## Required work
Every line that includes the word "import" needs to be copied from the listing.

## Data
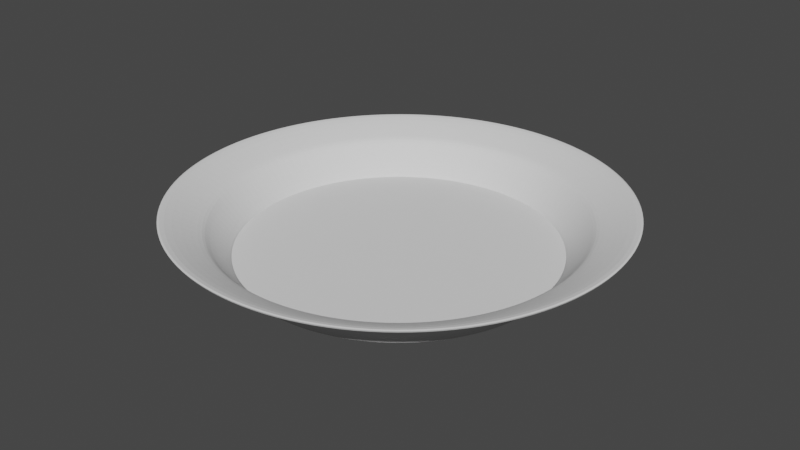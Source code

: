 # Source: plate.blend  (saved by Blender 2.82.7; exported with 4.5.12 LTS)
import bpy
from mathutils import Matrix  # noqa: F401  (used for matrix-valued properties, if any)

bpy.ops.wm.read_factory_settings(use_empty=True)
scene = bpy.context.scene
scene.name = 'Scene'

# ---- collections
col_collection = bpy.data.collections.new('Collection'); scene.collection.children.link(col_collection)

# ---- world
world_world = bpy.data.worlds.new('World'); scene.world = world_world
world_world.use_nodes = True; world_world.node_tree.nodes.clear()
_N = world_world.node_tree.nodes; _L = world_world.node_tree.links
n0 = _N.new('ShaderNodeOutputWorld'); n0.name = 'World Output'; n0.location = (300, 300)
n1 = _N.new('ShaderNodeBackground'); n1.name = 'Background'; n1.location = (10, 300)
n1.inputs[0].default_value = (0.05088, 0.05088, 0.05088, 1.0)
_L.new(n1.outputs[0], n0.inputs[0])
n0.is_active_output = True
world_world.color = (0.05088, 0.05088, 0.05088)
world_world.use_sun_shadow = False
world_world.sun_shadow_jitter_overblur = 0.0

# ---- meshes
me_circle = bpy.data.meshes.new('Circle')
me_circle.from_pydata([(0.0, 1.0, 0.0), (-0.1951, 0.9808, 0.0), (-0.3827, 0.9239, 0.0), (-0.5556, 0.8315, 0.0), (-0.7071, 0.7071, 0.0), (-0.8315, 0.5556, 0.0), (-0.9239, 0.3827, 0.0), (-0.9808, 0.1951, 0.0), (-1.0, 7.55e-08, 0.0), (-0.9808, -0.1951, 0.0), (-0.9239, -0.3827, 0.0), (-0.8315, -0.5556, 0.0), (-0.7071, -0.7071, 0.0), (-0.5556, -0.8315, 0.0), (-0.3827, -0.9239, 0.0), (-0.1951, -0.9808, 0.0), (3.258e-07, -1.0, 0.0), (0.1951, -0.9808, 0.0), (0.3827, -0.9239, 0.0), (0.5556, -0.8315, 0.0), (0.7071, -0.7071, 0.0), (0.8315, -0.5556, 0.0), (0.9239, -0.3827, 0.0), (0.9808, -0.1951, 0.0), (1.0, 9.656e-07, 0.0), (0.9808, 0.1951, 0.0), (0.9239, 0.3827, 0.0), (0.8315, 0.5556, 0.0), (0.7071, 0.7071, 0.0), (0.5556, 0.8315, 0.0), (0.3827, 0.9239, 0.0), (0.1951, 0.9808, 0.0), (0.0, 1.0, 0.0), (-0.1951, 0.9808, 0.0), (-0.3827, 0.9239, 0.0), (-0.5556, 0.8315, 0.0), (-0.7071, 0.7071, 0.0), (-0.8315, 0.5556, 0.0), (-0.9239, 0.3827, 0.0), (-0.9808, 0.1951, 0.0), (-1.0, 7.55e-08, 0.0), (-0.9808, -0.1951, 0.0), (-0.9239, -0.3827, 0.0), (-0.8315, -0.5556, 0.0), (-0.7071, -0.7071, 0.0), (-0.5556, -0.8315, 0.0), (-0.3827, -0.9239, 0.0), (-0.1951, -0.9808, 0.0), (3.258e-07, -1.0, 0.0), (0.1951, -0.9808, 0.0), (0.3827, -0.9239, 0.0), (0.5556, -0.8315, 0.0), (0.7071, -0.7071, 0.0), (0.8315, -0.5556, 0.0), (0.9239, -0.3827, 0.0), (0.9808, -0.1951, 0.0), (1.0, 9.656e-07, 0.0), (0.9808, 0.1951, 0.0), (0.9239, 0.3827, 0.0), (0.8315, 0.5556, 0.0), (0.7071, 0.7071, 0.0), (0.5556, 0.8315, 0.0), (0.3827, 0.9239, 0.0), (0.1951, 0.9808, 0.0), (0.0, 1.0, 0.0), (-0.1951, 0.9808, 0.0), (-0.3827, 0.9239, 0.0), (-0.5556, 0.8315, 0.0), (-0.7071, 0.7071, 0.0), (-0.8315, 0.5556, 0.0), (-0.9239, 0.3827, 0.0), (-0.9808, 0.1951, 0.0), (-1.0, 7.55e-08, 0.0), (-0.9808, -0.1951, 0.0), (-0.9239, -0.3827, 0.0), (-0.8315, -0.5556, 0.0), (-0.7071, -0.7071, 0.0), (-0.5556, -0.8315, 0.0), (-0.3827, -0.9239, 0.0), (-0.1951, -0.9808, 0.0), (3.258e-07, -1.0, 0.0), (0.1951, -0.9808, 0.0), (0.3827, -0.9239, 0.0), (0.5556, -0.8315, 0.0), (0.7071, -0.7071, 0.0), (0.8315, -0.5556, 0.0), (0.9239, -0.3827, 0.0), (0.9808, -0.1951, 0.0), (1.0, 9.656e-07, 0.0), (0.9808, 0.1951, 0.0), (0.9239, 0.3827, 0.0), (0.8315, 0.5556, 0.0), (0.7071, 0.7071, 0.0), (0.5556, 0.8315, 0.0), (0.3827, 0.9239, 0.0), (0.1951, 0.9808, 0.0), (2.081e-08, 1.175, 0.1642), (-0.2293, 1.153, 0.1642), (-0.4498, 1.086, 0.1642), (-0.6529, 0.9772, 0.1642), (-0.831, 0.831, 0.1642), (-0.9772, 0.6529, 0.1642), (-1.086, 0.4498, 0.1642), (-1.153, 0.2293, 0.1642), (-1.175, 3.617e-08, 0.1642), (-1.153, -0.2293, 0.1642), (-1.086, -0.4498, 0.1642), (-0.9772, -0.6529, 0.1642), (-0.831, -0.831, 0.1642), (-0.6529, -0.9772, 0.1642), (-0.4498, -1.086, 0.1642), (-0.2293, -1.153, 0.1642), (4.038e-07, -1.175, 0.1642), (0.2293, -1.153, 0.1642), (0.4498, -1.086, 0.1642), (0.6529, -0.9772, 0.1642), (0.831, -0.831, 0.1642), (0.9772, -0.6529, 0.1642), (1.086, -0.4498, 0.1642), (1.153, -0.2293, 0.1642), (1.175, 1.082e-06, 0.1642), (1.153, 0.2293, 0.1642), (1.086, 0.4498, 0.1642), (0.9772, 0.6529, 0.1642), (0.831, 0.831, 0.1642), (0.6529, 0.9772, 0.1642), (0.4498, 1.086, 0.1642), (0.2293, 1.153, 0.1642), (-0.003281, 1.189, 0.1709), (-0.2326, 1.167, 0.1709), (-0.453, 1.1, 0.1709), (-0.6562, 0.9912, 0.1709), (-0.8343, 0.845, 0.1709), (-0.9805, 0.6669, 0.1709), (-1.089, 0.4637, 0.1709), (-1.156, 0.2433, 0.1709), (-1.179, 0.01399, 0.1709), (-1.156, -0.2153, 0.1709), (-1.089, -0.4358, 0.1709), (-0.9805, -0.639, 0.1709), (-0.8343, -0.8171, 0.1709), (-0.6562, -0.9632, 0.1709), (-0.453, -1.072, 0.1709), (-0.2326, -1.139, 0.1709), (-0.003281, -1.161, 0.1709), (0.226, -1.139, 0.1709), (0.4465, -1.072, 0.1709), (0.6497, -0.9632, 0.1709), (0.8278, -0.8171, 0.1709), (0.9739, -0.639, 0.1709), (1.083, -0.4358, 0.1709), (1.149, -0.2153, 0.1709), (1.172, 0.01399, 0.1709), (1.149, 0.2433, 0.1709), (1.083, 0.4637, 0.1709), (0.9739, 0.6669, 0.1709), (0.8278, 0.845, 0.1709), (0.6497, 0.9912, 0.1709), (0.4465, 1.1, 0.1709), (0.226, 1.167, 0.1709), (-0.003281, 1.434, 0.2695), (-0.2804, 1.407, 0.2695), (-0.5469, 1.326, 0.2695), (-0.7924, 1.195, 0.2695), (-1.008, 1.018, 0.2695), (-1.184, 0.8032, 0.2695), (-1.316, 0.5576, 0.2695), (-1.396, 0.2911, 0.2695), (-1.424, 0.01399, 0.2695), (-1.396, -0.2631, 0.2695), (-1.316, -0.5296, 0.2695), (-1.184, -0.7752, 0.2695), (-1.008, -0.9904, 0.2695), (-0.7924, -1.167, 0.2695), (-0.5469, -1.298, 0.2695), (-0.2804, -1.379, 0.2695), (-0.003281, -1.406, 0.2695), (0.2738, -1.379, 0.2695), (0.5403, -1.298, 0.2695), (0.7859, -1.167, 0.2695), (1.001, -0.9904, 0.2695), (1.178, -0.7752, 0.2695), (1.309, -0.5296, 0.2695), (1.39, -0.2631, 0.2695), (1.417, 0.01399, 0.2695), (1.39, 0.2911, 0.2695), (1.309, 0.5576, 0.2695), (1.178, 0.8032, 0.2695), (1.001, 1.018, 0.2695), (0.7859, 1.195, 0.2695), (0.5403, 1.326, 0.2695), (0.2738, 1.407, 0.2695)], [], [(0, 31, 30, 29, 28, 27, 26, 25, 24, 23, 22, 21, 20, 19, 18, 17, 16, 15, 14, 13, 12, 11, 10, 9, 8, 7, 6, 5, 4, 3, 2, 1), (55, 56, 88, 87), (15, 16, 48, 47), (2, 3, 35, 34), (29, 30, 62, 61), (16, 17, 49, 48), (3, 4, 36, 35), (30, 31, 63, 62), (17, 18, 50, 49), (4, 5, 37, 36), (31, 0, 32, 63), (18, 19, 51, 50), (5, 6, 38, 37), (19, 20, 52, 51), (6, 7, 39, 38), (20, 21, 53, 52), (7, 8, 40, 39), (21, 22, 54, 53), (8, 9, 41, 40), (22, 23, 55, 54), (9, 10, 42, 41), (23, 24, 56, 55), (10, 11, 43, 42), (24, 25, 57, 56), (11, 12, 44, 43), (25, 26, 58, 57), (12, 13, 45, 44), (26, 27, 59, 58), (13, 14, 46, 45), (0, 1, 33, 32), (27, 28, 60, 59), (14, 15, 47, 46), (1, 2, 34, 33), (28, 29, 61, 60), (90, 91, 123, 122), (42, 43, 75, 74), (56, 57, 89, 88), (43, 44, 76, 75), (57, 58, 90, 89), (44, 45, 77, 76), (58, 59, 91, 90), (45, 46, 78, 77), (32, 33, 65, 64), (59, 60, 92, 91), (46, 47, 79, 78), (33, 34, 66, 65), (60, 61, 93, 92), (47, 48, 80, 79), (34, 35, 67, 66), (61, 62, 94, 93), (48, 49, 81, 80), (35, 36, 68, 67), (62, 63, 95, 94), (49, 50, 82, 81), (36, 37, 69, 68), (63, 32, 64, 95), (50, 51, 83, 82), (37, 38, 70, 69), (51, 52, 84, 83), (38, 39, 71, 70), (52, 53, 85, 84), (39, 40, 72, 71), (53, 54, 86, 85), (40, 41, 73, 72), (54, 55, 87, 86), (41, 42, 74, 73), (125, 126, 158, 157), (77, 78, 110, 109), (64, 65, 97, 96), (91, 92, 124, 123), (78, 79, 111, 110), (65, 66, 98, 97), (92, 93, 125, 124), (79, 80, 112, 111), (66, 67, 99, 98), (93, 94, 126, 125), (80, 81, 113, 112), (67, 68, 100, 99), (94, 95, 127, 126), (81, 82, 114, 113), (68, 69, 101, 100), (95, 64, 96, 127), (82, 83, 115, 114), (69, 70, 102, 101), (83, 84, 116, 115), (70, 71, 103, 102), (84, 85, 117, 116), (71, 72, 104, 103), (85, 86, 118, 117), (72, 73, 105, 104), (86, 87, 119, 118), (73, 74, 106, 105), (87, 88, 120, 119), (74, 75, 107, 106), (88, 89, 121, 120), (75, 76, 108, 107), (89, 90, 122, 121), (76, 77, 109, 108), (147, 148, 180, 179), (112, 113, 145, 144), (99, 100, 132, 131), (126, 127, 159, 158), (113, 114, 146, 145), (100, 101, 133, 132), (127, 96, 128, 159), (114, 115, 147, 146), (101, 102, 134, 133), (115, 116, 148, 147), (102, 103, 135, 134), (116, 117, 149, 148), (103, 104, 136, 135), (117, 118, 150, 149), (104, 105, 137, 136), (118, 119, 151, 150), (105, 106, 138, 137), (119, 120, 152, 151), (106, 107, 139, 138), (120, 121, 153, 152), (107, 108, 140, 139), (121, 122, 154, 153), (108, 109, 141, 140), (122, 123, 155, 154), (109, 110, 142, 141), (96, 97, 129, 128), (123, 124, 156, 155), (110, 111, 143, 142), (97, 98, 130, 129), (124, 125, 157, 156), (111, 112, 144, 143), (98, 99, 131, 130), (134, 135, 167, 166), (148, 149, 181, 180), (135, 136, 168, 167), (149, 150, 182, 181), (136, 137, 169, 168), (150, 151, 183, 182), (137, 138, 170, 169), (151, 152, 184, 183), (138, 139, 171, 170), (152, 153, 185, 184), (139, 140, 172, 171), (153, 154, 186, 185), (140, 141, 173, 172), (154, 155, 187, 186), (141, 142, 174, 173), (128, 129, 161, 160), (155, 156, 188, 187), (142, 143, 175, 174), (129, 130, 162, 161), (156, 157, 189, 188), (143, 144, 176, 175), (130, 131, 163, 162), (157, 158, 190, 189), (144, 145, 177, 176), (131, 132, 164, 163), (158, 159, 191, 190), (145, 146, 178, 177), (132, 133, 165, 164), (159, 128, 160, 191), (146, 147, 179, 178), (133, 134, 166, 165)])
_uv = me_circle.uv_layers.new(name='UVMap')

## Finished task
import bpy
from mathutils import Matrix  # noqa: F401  (used for matrix-valued properties, if any)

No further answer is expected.